In the listing that follows, copy out each line that includes the word "blind".

PROVIDED DATA:
※

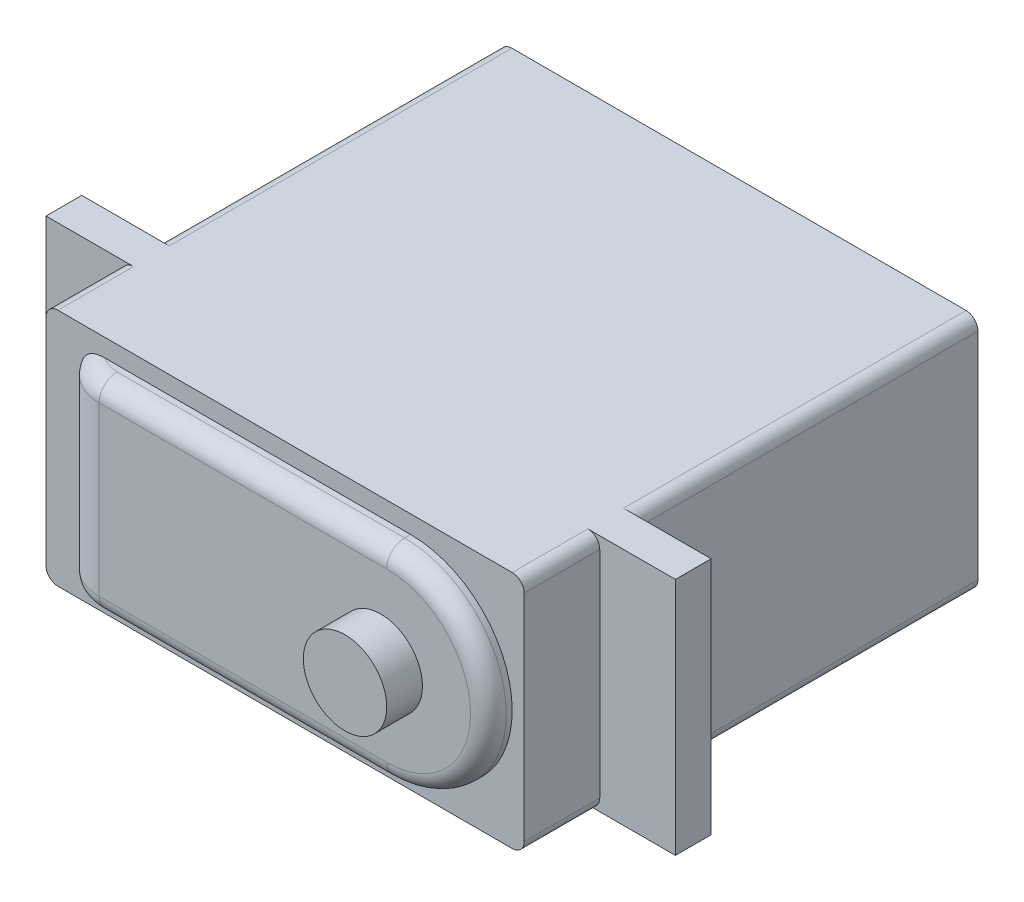
SolidWorks part; units mm, degrees
ref_plane "Front Plane" through (0, 0, 0) normal (0, 0, 1) x (1, 0, 0)
ref_plane "Top Plane" through (0, 0, 0) normal (0, 1, 0) x (1, 0, 0)
ref_plane "Right Plane" through (0, 0, 0) normal (1, 0, 0) x (0, 0, -1)
sketch "Sketch1" plane through (0, 0, 0) normal (0, 0, 1) x (1, 0, 0)
  line L1 (-20.066, 10.033) -> (20.066, 10.033)
  line L2 (-20.066, 10.033) -> (-20.066, -10.033)
  line L3 (-20.066, -10.033) -> (20.066, -10.033)
  line L4 (20.066, 10.033) -> (20.066, -10.033)
  line L5 (-20.066, 10.033) -> (20.066, -10.033) construction
  line L6 (-20.066, -10.033) -> (20.066, 10.033) construction
  point P0 (0, 0)
  dimension "D1" = 40.132
  dimension "D2" = 20.066
extrude "Boss-Extrude1" add sketch "Sketch1" along normal blind 38.1
ref_plane "Plane1" through (0, 0, 31.75) normal (0, 0, -1) x (-1, 0, 0)
sketch "Sketch2" plane through (0, 0, 31.75) normal (0, 0, -1) x (-1, 0, 0)
  line L0 (20.066, -10.033) -> (-20.066, -10.033) construction
  line L1 (20.066, 10.033) -> (26.416, 10.033)
  line L2 (0, 0) -> (0, 10.033) construction
  line L3 (20.066, -10.033) -> (26.416, -10.033)
  line L4 (26.416, 10.033) -> (26.416, -10.033)
  line L5 (26.416, 0) -> (20.066, 0) construction
  line L8 (20.066, 0) -> (20.066, 10.033)
  line L9 (-20.066, 10.033) -> (20.066, 10.033) construction
  line L11 (-25.146, 7.747) -> (-25.146, 10.033) construction
  line L12 (-26.416, 0) -> (-20.066, 0) construction
  line L13 (-20.066, 0) -> (-20.066, 10.033)
  line L14 (-26.416, 10.033) -> (-26.416, -10.033)
  line L15 (-20.066, -10.033) -> (-26.416, -10.033)
  line L16 (-20.066, 10.033) -> (-26.416, 10.033)
  line L17 (-20.066, -10.033) -> (-20.066, 10.033) construction
  line L18 (0, 10.033) -> (-20.066, 10.033) construction
  line L19 (0, 10.033) -> (0, -10.033) construction
  line L20 (0, -10.033) -> (-20.066, -10.033) construction
  line L21 (-20.066, 10.033) -> (-20.066, -10.033) construction
  line L22 (0, 10.033) -> (-20.066, -10.033) construction
  line L23 (0, -10.033) -> (-20.066, 10.033) construction
  line L24 (20.066, 10.033) -> (20.066, -10.033)
  line L25 (-20.066, 10.033) -> (-20.066, -10.033)
  circle A0 centre (25.146, 5.715) radius 2.032 construction
  circle A1 centre (25.146, -5.715) radius 2.032 construction
  circle A2 centre (-25.146, -5.715) radius 2.032 construction
  circle A3 centre (-25.146, 5.715) radius 2.032 construction
  circle A4 centre (-10.033, 0) radius 3.81 construction
  point P32 (-10.033, 0)
  dimension "D2" = 4.064
  dimension "D3" = 7.62
  dimension "D1" = 6.35
  dimension "D4" = 1.27
  dimension "D5" = 2.286
extrude "Boss-Extrude2" add sketch "Sketch2" along normal blind 3 contours L8 L24 L3 L4 L1 A0 A1 | L25 L13 L16 L14 L15 A2 A3 region at (-23.241, 0, 31.75) region at (23.241, 0, 31.75)
sketch "Sketch6" plane through (0, 0, 38.1) normal (0, 0, 1) x (1, 0, 0)
  line L0 (10.533, 0) -> (20.066, 0) construction
  line L1 (-17.066, 8.533) -> (10.533, 8.533)
  line L2 (-17.066, 8.533) -> (-17.066, -8.533)
  line L3 (-17.066, -8.533) -> (10.533, -8.533)
  line L4 (10.533, 8.533) -> (10.533, -8.533) construction
  line L5 (20.066, -10.033) -> (20.066, 10.033) construction
  line L6 (-20.066, 10.033) -> (-20.066, -10.033) construction
  line L7 (20.066, 10.033) -> (-20.066, 10.033) construction
  line L8 (19.066, 0) -> (20.066, 0) construction
  arc A0 (10.533, 8.533) -> (10.533, -8.533) centre (10.533, 0) ccw construction
  arc A1 (10.533, -8.533) -> (10.533, 8.533) centre (10.533, 0) ccw
  dimension "D1" = 3
  dimension "D2" = 1.5
  dimension "D3" = 1
extrude "Boss-Extrude4" add sketch "Sketch6" along normal blind 2
sketch "Sketch5" plane through (0, 0, 40.1) normal (0, 0, 1) x (1, 0, 0)
  circle A0 centre (10.033, 0) radius 3.81 construction
  circle A1 centre (10.033, 0) radius 3.81 construction
  circle A2 centre (10.033, 0) radius 3.5
  dimension "D1" = 7
extrude "Boss-Extrude3" add sketch "Sketch5" along normal blind 3
fillet "Fillet2" radius 4 1 edges at (-17.066, 0, 40.1)
fillet "Fillet3" radius 1.5 5 edges at (-15.6019, -8.533, 39.5641) (-15.6019, 8.533, 39.5641) (-1.5344, 8.533, 40.1) (19.066, 0, 40.1) (-1.5344, -8.533, 40.1)
fillet "Fillet4" radius 1 8 edges at (20.066, 10.033, 14.375) (20.066, 10.033, 34.925) (-20.066, 10.033, 14.375) (-20.066, 10.033, 34.925) (-20.066, -10.033, 14.375) (20.066, -10.033, 14.375) (20.066, -10.033, 34.925) (-20.066, -10.033, 34.925)
equation "\"flipWidth\"= 6.5"
equation "\"flipHeight\"= 4"
equation "\"spindleLength\"= 7.75"
equation "\"bearingID\"= 0.1559"
equation "\"motorWidth\"= 0.79"
equation "\"motorHeight\"= 1.0"
equation "\"motorLength\"= 1.58"
equation "\"spindleMaxDiam\"= 2.75"
equation "\"totalLength\"= 15"
equation "\"D1@Sketch1\"=\"motorLength\""
equation "\"D2@Sketch1\"=\"motorWidth\""

※

COMPLETED EXERCISE:
extrude "Boss-Extrude1" add sketch "Sketch1" along normal blind 38.1
extrude "Boss-Extrude2" add sketch "Sketch2" along normal blind 3 contours L8 L24 L3 L4 L1 A0 A1 | L25 L13 L16 L14 L15 A2 A3 region at (-23.241, 0, 31.75) region at (23.241, 0, 31.75)
extrude "Boss-Extrude4" add sketch "Sketch6" along normal blind 2
extrude "Boss-Extrude3" add sketch "Sketch5" along normal blind 3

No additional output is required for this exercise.